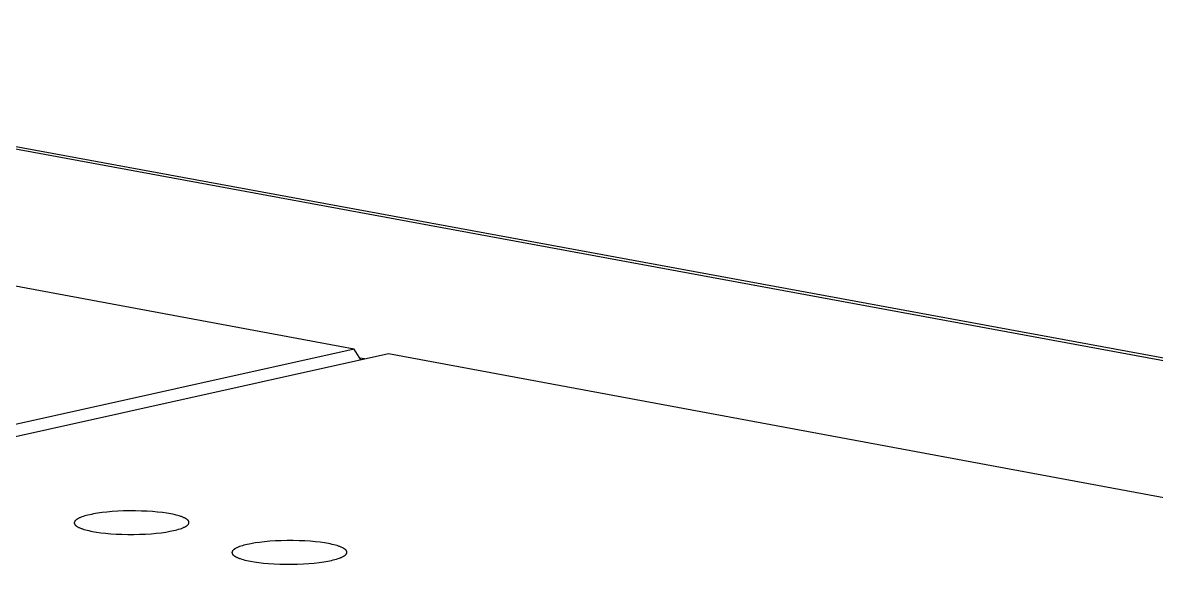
# Model space of a CAD drawing. Header units: millimetres. Extents: x 0 to 4030, y -54 to 2762.
# Drawn here: x 1130 to 1183, y 976 to 1001.5 of the extents above; entities that cross this region are included whole.
import ezdxf

# ---------------------------------------------------------------- set-up
doc = ezdxf.new("R2010")
doc.units = ezdxf.units.MM
doc.header["$MEASUREMENT"] = 0
doc.layers.add('Utwórz2D linie widoczne', color=7, linetype='Continuous', true_color=0x000000)

msp = doc.modelspace()

# ---------------------------------------------------------------- linework, layer by layer
at = {"layer": 'Utwórz2D linie widoczne'}
for p, q in [((1097.53, 1001.497), (1335.251, 957.745)), ((1098.166, 1001.493), (1335.686, 957.785)), ((1145.463, 986.23), (1124.536, 990.117)), ((1145.463, 986.23), (1026.251, 959.737)), ((1027.823, 959.504), (1147.073, 986.026)), ((1145.785, 985.74), (1145.463, 986.23)), ((1147.073, 986.026), (1240.434, 968.688)), ((1145.952, 985.777), (1145.734, 985.818)), ((1133.669, 978.588), (1133.456, 978.558)), ((1133.901, 978.614), (1133.669, 978.588)), ((1134.149, 978.636), (1133.901, 978.614)), ((1134.411, 978.653), (1134.149, 978.636)), ((1134.681, 978.665), (1134.411, 978.653)), ((1134.958, 978.67), (1134.681, 978.665)), ((1135.235, 978.67), (1134.958, 978.67)), ((1135.509, 978.664), (1135.235, 978.67)), ((1135.775, 978.653), (1135.509, 978.664)), ((1136.03, 978.636), (1135.775, 978.653)), ((1136.27, 978.615), (1136.03, 978.636)), ((1136.493, 978.589), (1136.27, 978.615)), ((1136.697, 978.56), (1136.493, 978.589)), ((1132.372, 978.127), (1132.371, 978.124)), ((1132.371, 978.124), (1132.371, 978.12)), ((1132.371, 978.12), (1132.371, 978.117)), ((1132.371, 978.117), (1132.371, 978.113)), ((1132.371, 978.113), (1132.371, 978.11)), ((1132.371, 978.11), (1132.371, 978.106)), ((1132.371, 978.106), (1132.371, 978.102)), ((1132.371, 978.102), (1132.371, 978.099)), ((1132.371, 978.099), (1132.372, 978.095)), ((1132.373, 978.134), (1132.372, 978.131)), ((1132.372, 978.131), (1132.372, 978.127)), ((1132.372, 978.095), (1132.372, 978.092)), ((1132.372, 978.092), (1132.373, 978.088)), ((1132.374, 978.138), (1132.373, 978.134)), ((1132.373, 978.088), (1132.374, 978.085)), ((1132.375, 978.142), (1132.374, 978.138)), ((1132.374, 978.085), (1132.375, 978.081)), ((1132.376, 978.145), (1132.375, 978.142)), ((1132.375, 978.081), (1132.376, 978.077)), ((1132.377, 978.149), (1132.376, 978.145)), ((1132.376, 978.077), (1132.377, 978.074)), ((1132.378, 978.152), (1132.377, 978.149)), ((1132.377, 978.074), (1132.378, 978.07)), ((1132.38, 978.156), (1132.378, 978.152)), ((1132.378, 978.07), (1132.379, 978.067)), ((1132.379, 978.067), (1132.381, 978.063)), ((1132.381, 978.159), (1132.38, 978.156)), ((1132.383, 978.163), (1132.381, 978.159)), ((1132.381, 978.063), (1132.383, 978.06)), ((1132.384, 978.166), (1132.383, 978.163)), ((1132.383, 978.06), (1132.384, 978.056)), ((1132.386, 978.17), (1132.384, 978.166)), ((1132.384, 978.056), (1132.386, 978.053)), ((1132.388, 978.174), (1132.386, 978.17)), ((1132.386, 978.053), (1132.388, 978.049)), ((1132.39, 978.177), (1132.388, 978.174)), ((1132.388, 978.049), (1132.39, 978.045)), ((1132.392, 978.181), (1132.39, 978.177)), ((1132.394, 978.184), (1132.392, 978.181)), ((1132.397, 978.188), (1132.394, 978.184)), ((1132.399, 978.191), (1132.397, 978.188)), ((1132.402, 978.195), (1132.399, 978.191)), ((1132.404, 978.198), (1132.402, 978.195)), ((1132.407, 978.202), (1132.404, 978.198)), ((1132.41, 978.205), (1132.407, 978.202)), ((1132.413, 978.209), (1132.41, 978.205)), ((1132.416, 978.212), (1132.413, 978.209)), ((1132.422, 978.219), (1132.416, 978.212)), ((1132.429, 978.226), (1132.422, 978.219)), ((1132.437, 978.233), (1132.429, 978.226)), ((1132.444, 978.24), (1132.437, 978.233)), ((1132.453, 978.247), (1132.444, 978.24)), ((1132.461, 978.253), (1132.453, 978.247)), ((1132.47, 978.26), (1132.461, 978.253)), ((1132.479, 978.267), (1132.47, 978.26)), ((1132.489, 978.274), (1132.479, 978.267)), ((1132.499, 978.28), (1132.489, 978.274)), ((1132.51, 978.287), (1132.499, 978.28)), ((1132.521, 978.293), (1132.51, 978.287)), ((1132.532, 978.3), (1132.521, 978.293)), ((1132.555, 978.313), (1132.532, 978.3)), ((1132.58, 978.326), (1132.555, 978.313)), ((1132.607, 978.338), (1132.58, 978.326)), ((1132.634, 978.35), (1132.607, 978.338)), ((1132.663, 978.363), (1132.634, 978.35)), ((1132.693, 978.374), (1132.663, 978.363)), ((1132.725, 978.386), (1132.693, 978.374)), ((1132.791, 978.409), (1132.725, 978.386)), ((1132.861, 978.431), (1132.791, 978.409)), ((1132.934, 978.451), (1132.861, 978.431)), ((1133.011, 978.471), (1132.934, 978.451)), ((1133.091, 978.489), (1133.011, 978.471)), ((1133.174, 978.507), (1133.091, 978.489)), ((1133.263, 978.525), (1133.174, 978.507)), ((1133.456, 978.558), (1133.263, 978.525)), ((1136.881, 978.529), (1136.697, 978.56)), ((1136.967, 978.512), (1136.881, 978.529)), ((1137.05, 978.494), (1136.967, 978.512)), ((1137.131, 978.475), (1137.05, 978.494)), ((1137.208, 978.455), (1137.131, 978.475)), ((1137.282, 978.433), (1137.208, 978.455)), ((1137.351, 978.411), (1137.282, 978.433)), ((1137.384, 978.4), (1137.351, 978.411)), ((1137.416, 978.388), (1137.384, 978.4)), ((1137.447, 978.376), (1137.416, 978.388)), ((1137.476, 978.364), (1137.447, 978.376)), ((1137.504, 978.352), (1137.476, 978.364)), ((1137.531, 978.339), (1137.504, 978.352)), ((1137.556, 978.326), (1137.531, 978.339)), ((1137.58, 978.313), (1137.556, 978.326)), ((1137.591, 978.307), (1137.58, 978.313)), ((1137.602, 978.3), (1137.591, 978.307)), ((1137.612, 978.293), (1137.602, 978.3)), ((1137.623, 978.287), (1137.612, 978.293)), ((1137.632, 978.28), (1137.623, 978.287)), ((1137.642, 978.273), (1137.632, 978.28)), ((1137.65, 978.267), (1137.642, 978.273)), ((1137.659, 978.26), (1137.65, 978.267)), ((1137.667, 978.253), (1137.659, 978.26)), ((1137.675, 978.246), (1137.667, 978.253)), ((1137.682, 978.239), (1137.675, 978.246)), ((1137.689, 978.232), (1137.682, 978.239)), ((1137.692, 978.229), (1137.689, 978.232)), ((1137.695, 978.225), (1137.692, 978.229)), ((1137.698, 978.222), (1137.695, 978.225)), ((1137.701, 978.218), (1137.698, 978.222)), ((1137.704, 978.215), (1137.701, 978.218)), ((1137.706, 978.211), (1137.704, 978.215)), ((1137.709, 978.208), (1137.706, 978.211)), ((1137.708, 978.044), (1137.71, 978.048)), ((1137.712, 978.204), (1137.709, 978.208)), ((1137.71, 978.048), (1137.713, 978.051)), ((1137.714, 978.201), (1137.712, 978.204)), ((1137.713, 978.051), (1137.715, 978.055)), ((1137.716, 978.197), (1137.714, 978.201)), ((1137.715, 978.055), (1137.717, 978.058)), ((1137.718, 978.194), (1137.716, 978.197)), ((1137.717, 978.058), (1137.719, 978.062)), ((1137.72, 978.19), (1137.718, 978.194)), ((1137.719, 978.062), (1137.721, 978.065)), ((1137.722, 978.186), (1137.72, 978.19)), ((1137.721, 978.065), (1137.723, 978.069)), ((1137.724, 978.183), (1137.722, 978.186)), ((1137.723, 978.069), (1137.725, 978.073)), ((1137.726, 978.179), (1137.724, 978.183)), ((1137.725, 978.073), (1137.726, 978.076)), ((1137.727, 978.176), (1137.726, 978.179)), ((1137.726, 978.076), (1137.728, 978.08)), ((1137.729, 978.172), (1137.727, 978.176)), ((1137.728, 978.08), (1137.729, 978.083)), ((1137.73, 978.169), (1137.729, 978.172)), ((1137.729, 978.083), (1137.731, 978.087)), ((1137.732, 978.165), (1137.73, 978.169)), ((1137.731, 978.087), (1137.732, 978.09)), ((1137.733, 978.162), (1137.732, 978.165)), ((1137.732, 978.09), (1137.733, 978.094)), ((1137.734, 978.158), (1137.733, 978.162)), ((1137.733, 978.094), (1137.734, 978.097)), ((1137.735, 978.155), (1137.734, 978.158)), ((1137.734, 978.097), (1137.735, 978.101)), ((1137.735, 978.151), (1137.735, 978.155)), ((1137.736, 978.147), (1137.735, 978.151)), ((1137.735, 978.101), (1137.736, 978.105)), ((1137.737, 978.144), (1137.736, 978.147)), ((1137.736, 978.108), (1137.737, 978.112)), ((1137.736, 978.105), (1137.736, 978.108)), ((1137.737, 978.14), (1137.737, 978.144)), ((1137.738, 978.137), (1137.737, 978.14)), ((1137.737, 978.115), (1137.738, 978.119)), ((1137.737, 978.112), (1137.737, 978.115)), ((1137.738, 978.133), (1137.738, 978.137)), ((1137.738, 978.13), (1137.738, 978.133)), ((1137.738, 978.126), (1137.738, 978.13)), ((1137.738, 978.122), (1137.738, 978.126)), ((1137.738, 978.119), (1137.738, 978.122)), ((1132.39, 978.045), (1132.392, 978.042)), ((1132.392, 978.042), (1132.394, 978.038)), ((1132.394, 978.038), (1132.397, 978.035)), ((1132.397, 978.035), (1132.399, 978.031)), ((1132.399, 978.031), (1132.402, 978.028)), ((1132.402, 978.028), (1132.404, 978.024)), ((1132.404, 978.024), (1132.407, 978.021)), ((1132.407, 978.021), (1132.41, 978.017)), ((1132.41, 978.017), (1132.413, 978.014)), ((1132.413, 978.014), (1132.416, 978.01)), ((1132.416, 978.01), (1132.419, 978.007)), ((1132.419, 978.007), (1132.426, 978)), ((1132.426, 978), (1132.433, 977.993)), ((1132.433, 977.993), (1132.441, 977.986)), ((1132.441, 977.986), (1132.449, 977.979)), ((1132.449, 977.979), (1132.457, 977.972)), ((1132.457, 977.972), (1132.466, 977.966)), ((1132.466, 977.966), (1132.475, 977.959)), ((1132.475, 977.959), (1132.485, 977.952)), ((1132.485, 977.952), (1132.495, 977.945)), ((1132.495, 977.945), (1132.506, 977.939)), ((1132.506, 977.939), (1132.516, 977.932)), ((1132.516, 977.932), (1132.528, 977.926)), ((1132.528, 977.926), (1132.551, 977.913)), ((1132.551, 977.913), (1132.576, 977.9)), ((1132.576, 977.9), (1132.603, 977.887)), ((1132.603, 977.887), (1132.631, 977.875)), ((1132.631, 977.875), (1132.66, 977.863)), ((1132.66, 977.863), (1132.691, 977.851)), ((1132.691, 977.851), (1132.722, 977.839)), ((1132.722, 977.839), (1132.756, 977.828)), ((1132.756, 977.828), (1132.825, 977.805)), ((1132.825, 977.805), (1132.899, 977.784)), ((1132.899, 977.784), (1132.976, 977.764)), ((1132.976, 977.764), (1133.056, 977.745)), ((1133.056, 977.745), (1133.14, 977.727)), ((1133.14, 977.727), (1133.225, 977.71)), ((1133.225, 977.71), (1133.409, 977.678)), ((1133.409, 977.678), (1133.614, 977.649)), ((1133.614, 977.649), (1133.837, 977.624)), ((1133.837, 977.624), (1134.077, 977.602)), ((1134.077, 977.602), (1134.333, 977.585)), ((1134.333, 977.585), (1134.599, 977.574)), ((1134.599, 977.574), (1134.874, 977.568)), ((1134.874, 977.568), (1135.151, 977.568)), ((1135.151, 977.568), (1135.428, 977.574)), ((1135.428, 977.574), (1135.699, 977.585)), ((1135.699, 977.585), (1135.961, 977.602)), ((1135.961, 977.602), (1136.209, 977.624)), ((1136.209, 977.624), (1136.441, 977.651)), ((1136.441, 977.651), (1136.655, 977.681)), ((1136.655, 977.681), (1136.848, 977.714)), ((1136.848, 977.714), (1136.937, 977.731)), ((1136.937, 977.731), (1137.02, 977.749)), ((1137.02, 977.749), (1137.1, 977.768)), ((1137.1, 977.768), (1137.176, 977.788)), ((1137.176, 977.788), (1137.25, 977.808)), ((1137.25, 977.808), (1137.32, 977.83)), ((1137.32, 977.83), (1137.386, 977.853)), ((1137.386, 977.853), (1137.417, 977.864)), ((1137.417, 977.864), (1137.447, 977.876)), ((1137.447, 977.876), (1137.476, 977.888)), ((1137.476, 977.888), (1137.504, 977.901)), ((1137.504, 977.901), (1137.53, 977.913)), ((1137.53, 977.913), (1137.555, 977.926)), ((1137.555, 977.926), (1137.578, 977.939)), ((1137.578, 977.939), (1137.589, 977.946)), ((1137.589, 977.946), (1137.6, 977.952)), ((1137.6, 977.952), (1137.611, 977.959)), ((1137.611, 977.959), (1137.621, 977.965)), ((1137.621, 977.965), (1137.63, 977.972)), ((1137.63, 977.972), (1137.64, 977.979)), ((1137.64, 977.979), (1137.649, 977.986)), ((1137.649, 977.986), (1137.657, 977.992)), ((1137.657, 977.992), (1137.665, 977.999)), ((1137.665, 977.999), (1137.673, 978.006)), ((1137.673, 978.006), (1137.68, 978.013)), ((1137.68, 978.013), (1137.687, 978.02)), ((1137.687, 978.02), (1137.693, 978.027)), ((1137.693, 978.027), (1137.697, 978.03)), ((1137.697, 978.03), (1137.699, 978.034)), ((1137.699, 978.034), (1137.702, 978.037)), ((1137.702, 978.037), (1137.705, 978.041)), ((1137.705, 978.041), (1137.708, 978.044)), ((1140.1, 976.997), (1140.069, 976.985)), ((1140.166, 977.019), (1140.1, 976.997)), ((1140.236, 977.041), (1140.166, 977.019)), ((1140.309, 977.062), (1140.236, 977.041)), ((1140.386, 977.082), (1140.309, 977.062)), ((1140.465, 977.1), (1140.386, 977.082)), ((1140.549, 977.118), (1140.465, 977.1)), ((1140.638, 977.136), (1140.549, 977.118)), ((1140.831, 977.169), (1140.638, 977.136)), ((1141.044, 977.199), (1140.831, 977.169)), ((1141.276, 977.225), (1141.044, 977.199)), ((1141.525, 977.247), (1141.276, 977.225)), ((1141.786, 977.264), (1141.525, 977.247)), ((1142.057, 977.276), (1141.786, 977.264)), ((1142.334, 977.282), (1142.057, 977.276)), ((1142.612, 977.282), (1142.334, 977.282)), ((1142.886, 977.276), (1142.612, 977.282)), ((1143.153, 977.264), (1142.886, 977.276)), ((1143.409, 977.248), (1143.153, 977.264)), ((1143.65, 977.226), (1143.409, 977.248)), ((1143.874, 977.2), (1143.65, 977.226)), ((1144.078, 977.171), (1143.874, 977.2)), ((1144.263, 977.14), (1144.078, 977.171)), ((1144.349, 977.123), (1144.263, 977.14)), ((1144.433, 977.105), (1144.349, 977.123)), ((1144.514, 977.086), (1144.433, 977.105)), ((1144.591, 977.065), (1144.514, 977.086)), ((1144.665, 977.044), (1144.591, 977.065)), ((1144.735, 977.022), (1144.665, 977.044)), ((1144.769, 977.01), (1144.735, 977.022)), ((1144.801, 976.998), (1144.769, 977.01)), ((1144.831, 976.986), (1144.801, 976.998)), ((1144.861, 976.974), (1144.831, 976.986)), ((1139.749, 976.733), (1139.748, 976.73)), ((1139.748, 976.73), (1139.748, 976.726)), ((1139.748, 976.726), (1139.748, 976.722)), ((1139.748, 976.722), (1139.748, 976.719)), ((1139.748, 976.719), (1139.748, 976.715)), ((1139.748, 976.715), (1139.749, 976.712)), ((1139.75, 976.74), (1139.749, 976.737)), ((1139.749, 976.737), (1139.749, 976.733)), ((1139.749, 976.712), (1139.749, 976.708)), ((1139.749, 976.708), (1139.749, 976.704)), ((1139.749, 976.704), (1139.75, 976.701)), ((1139.751, 976.747), (1139.75, 976.744)), ((1139.75, 976.744), (1139.75, 976.74)), ((1139.75, 976.701), (1139.751, 976.697)), ((1139.752, 976.751), (1139.751, 976.747)), ((1139.751, 976.697), (1139.751, 976.694)), ((1139.751, 976.694), (1139.752, 976.69)), ((1139.753, 976.755), (1139.752, 976.751)), ((1139.752, 976.69), (1139.753, 976.687)), ((1139.754, 976.758), (1139.753, 976.755)), ((1139.753, 976.687), (1139.755, 976.683)), ((1139.755, 976.762), (1139.754, 976.758)), ((1139.756, 976.765), (1139.755, 976.762)), ((1139.755, 976.683), (1139.756, 976.679)), ((1139.758, 976.769), (1139.756, 976.765)), ((1139.756, 976.679), (1139.757, 976.676)), ((1139.757, 976.676), (1139.759, 976.672)), ((1139.759, 976.772), (1139.758, 976.769)), ((1139.761, 976.776), (1139.759, 976.772)), ((1139.759, 976.672), (1139.76, 976.669)), ((1139.76, 976.669), (1139.762, 976.665)), ((1139.763, 976.78), (1139.761, 976.776)), ((1139.762, 976.665), (1139.764, 976.662)), ((1139.765, 976.783), (1139.763, 976.78)), ((1139.764, 976.662), (1139.766, 976.658)), ((1139.767, 976.787), (1139.765, 976.783)), ((1139.766, 976.658), (1139.768, 976.655)), ((1139.769, 976.79), (1139.767, 976.787)), ((1139.768, 976.655), (1139.77, 976.651)), ((1139.771, 976.794), (1139.769, 976.79)), ((1139.77, 976.651), (1139.772, 976.647)), ((1139.773, 976.797), (1139.771, 976.794)), ((1139.772, 976.647), (1139.775, 976.644)), ((1139.776, 976.801), (1139.773, 976.797)), ((1139.775, 976.644), (1139.777, 976.64)), ((1139.778, 976.804), (1139.776, 976.801)), ((1139.777, 976.64), (1139.78, 976.637)), ((1139.781, 976.808), (1139.778, 976.804)), ((1139.78, 976.637), (1139.783, 976.633)), ((1139.783, 976.811), (1139.781, 976.808)), ((1139.786, 976.815), (1139.783, 976.811)), ((1139.783, 976.633), (1139.785, 976.63)), ((1139.785, 976.63), (1139.788, 976.626)), ((1139.789, 976.818), (1139.786, 976.815)), ((1139.788, 976.626), (1139.791, 976.623)), ((1139.792, 976.822), (1139.789, 976.818)), ((1139.791, 976.623), (1139.794, 976.619)), ((1139.799, 976.829), (1139.792, 976.822)), ((1139.794, 976.619), (1139.798, 976.616)), ((1139.798, 976.616), (1139.805, 976.609)), ((1139.806, 976.836), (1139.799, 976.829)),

====================

* Assignment
Some lines of the data may hold the word "widoczne". Say how many do, with nothing else.

* Exercise result
2